L’achat de voix d’électeurs par toutes formes de bakchich, une pratique renouvelée à chaque consultation, devait inéluctablement produire des “élus” à vendre.
Elles ne se sont pas distinguées par une meilleure organisation ou par une plus grande transparence que de coutume, encore moins par une participation massive des électeurs, mais les élections locales du 29 novembre dernier vont rester dans les annales. Car, si elles ont donné lieu à des résultats globalement conformes à la tradition électorale algérienne, elles ont la particularité de provoquer une multitude de paradoxes et d’aberrations et de favoriser l’apparition d’une nouvelle forme de tractations où l’argent, forcément sale, joue un rôle de premier plan.
Majorité mise en… minorité
Alors que de très nombreuses Assemblées communales ne sont pas encore installées pour absence de majorité, certaines localités du pays, comme Akbou (Béjaïa) ou Ibn-Badis (Constantine) connaissent des protestations populaires de rue contre “le détournement de la volonté des électeurs”, rendu possible par des alliances, plus ou moins contre nature, scellées par la grâce de marchandages où il est question d’argent liquide, non de politique ou d’idéologie.
Ainsi, une liste que les électeurs n’ont créditée que d’un ou de deux sièges peut décider du sort d’une commune car elle détient le pouvoir de départager les deux listes arrivées en tête, avec 8 ou 9 fois plus de suffrages et de sièges. Un précieux rôle d’arbitre dans la désignation du maire, qui, dit-on, est monnayé à coups de millions, voire de milliards dans certaines communes, notamment celles dotées de gros budgets. Un précieux rôle conféré, pas seulement par les règles de l’arithmétique, mais par la loi électorale qui stipule que le président d’APC est désigné parmi la liste ayant remporté la majorité des sièges, à condition qu’il soit élu par la majorité de tous les élus, réunis en collège électoral.

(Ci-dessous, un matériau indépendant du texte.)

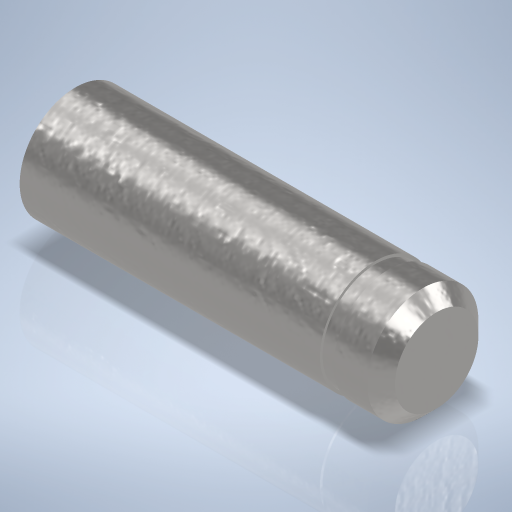
# Autodesk Inventor part: Kurbelzapfen
Saved by Autodesk Inventor 2024 (Build 280153000, 153)
## iProperties
Created: 2024-01-15
Part Number: Kurbelzapfen
Material: Stahl, galvanisiert
Document SubType Name: Modeling
Designer: ffogue
Density: 7.85 g/cm^3
Appearance: Galvanisiert
Author: ffogue
Autodesk Inventor part; units mm, degrees
ref_plane "YZ Plane" through (0, 0, 0) normal (1, 0, 0) x (0, 1, 0)
ref_plane "XZ Plane" through (0, 0, 0) normal (0, 1, 0) x (-1, 0, 0)
ref_plane "XY Plane" through (0, 0, 0) normal (0, 0, 1) x (1, 0, 0)
sketch "Skizze1" plane through (0, 0, 0) normal (0, 0, 1) x (1, 0, 0)
  line L0 (0, 0) -> (0, 2)
  line L1 (0, 2) -> (10.8, 2)
  line L2 (10.8, 2) -> (10.8, 1.9)
  line L3 (10.8, 1.9) -> (11.3, 1.9)
  line L4 (11.3, 1.9) -> (11.3, 2)
  line L5 (11.3, 2) -> (13, 2)
  line L6 (13, 2) -> (13, 0)
  line L7 (0, 0) -> (13, 0)
  point P0 (10.8, 1.95)
  point P1 (0, 1)
  dimension "d0" = 13
  dimension "d1" = 0.5
  dimension "d2" = 10.8
  dimension "d4" = 3.8
  dimension "d5" = 4
  constraints: 16 end point, 5 perpendicular, 2 midpoint, 2 point on line, 1 coincident, 1 horizontal, 1 vertical
  measures "d0" distance of L0.start L6.end
  measures "d1" distance of L3.end L2.end
  measures "d2" horizontal distance of point (10.8, 1.95) point (0, 1)
  measures "d4" diameter of L3.end L7
  measures "d5" diameter of L1 L7
revolve "Umdrehung1" add sketch "Skizze1" angle 360 about axis through (0, 0, 0) along (1, 0, 0)
chamfer "Fasen1" distance 0.5 angle 45 1 edges at (13, -2, 0)

Alliances notariées : la politique a quitté la scène
Dit plus clairement, le choix des électeurs, quand il n’a pas été détourné le jour du scrutin, est contrarié, contourné, lors de ces marchandages où les dessous de table sont, excusez du pléonasme, monnaie courante. Sauf qu’il ne s’agit pas ici de petite monnaie, mais de gros billets, de grosses liasses de billets.
Ainsi, le vote populaire est nécessaire mais non suffisant à un élu pour prétendre au pouvoir local. La souveraineté populaire, bien que consacrée par la Constitution, n’est-elle pas ainsi mise à mal ? Dans certains cas, les partis politiques et autres indépendants ayant contracté des alliances ont signé des protocoles d’accord… notariés. Une première dans les annales politiques. Mais certaines de ces alliances n’ont pas tenu plus de deux jours, mettant les APC une nouvelle fois dans l’impasse… en attendant un nouvel attelage de sigles à conclure par le biais de nouveaux marchandages.
S’il appartient aux juristes et aux constitutionnalistes d’évaluer le degré de conformité des lois à la Constitution, nul besoin d’expert pour affirmer que les pratiques en cours sont étrangères à la politique. Car quand les acteurs politiques vont chez le notaire, c’est que la politique a quitté la scène.
Corruption : en avant toute !
Normal : l’argent s’est invité dans ces élections. L’achat de voix d’électeurs par toutes formes de bakchich, une pratique renouvelée à chaque consultation, devait inéluctablement produire des “élus” à vendre. C’est chose faite. Certes, il doit être bien florissant, ce commerce, pour avoir autant d’adeptes. Mais il y a cette question : que peut attendre la population d’une commune d’un maire devenu maire grâce à des soutiens chèrement payés ? Une seule chose : l’affairisme. Car cet “investissement” de milliards de centimes, qui n’est pas l’œuvre de mères Teresa algériennes, n’a été consenti que dans le but d’en tirer des bénéfices substantiels.
Ces élections locales auront donc, aussi, fait le lit d’une accélération de la propagation de la corruption. Dire que ce scrutin s’est tenu au moment même où Transparency International venait d’épingler à nouveau l’Algérie ! Une certitude : la corruption, chez nous, a encore de l’avenir. Cette étrange affaire dite de la commune de Ben Aknoun, à Alger, en est la parfaite démonstration : voilà un maire qui a réussi l’incroyable prouesse de gagner une élection pendant qu’il était en fuite, un maire que l’on a voulu installer dans ses fonctions, hier, alors qu’il n’a pas encore réapparu…
Oui, les élections du 29 novembre vont rester dans les annales.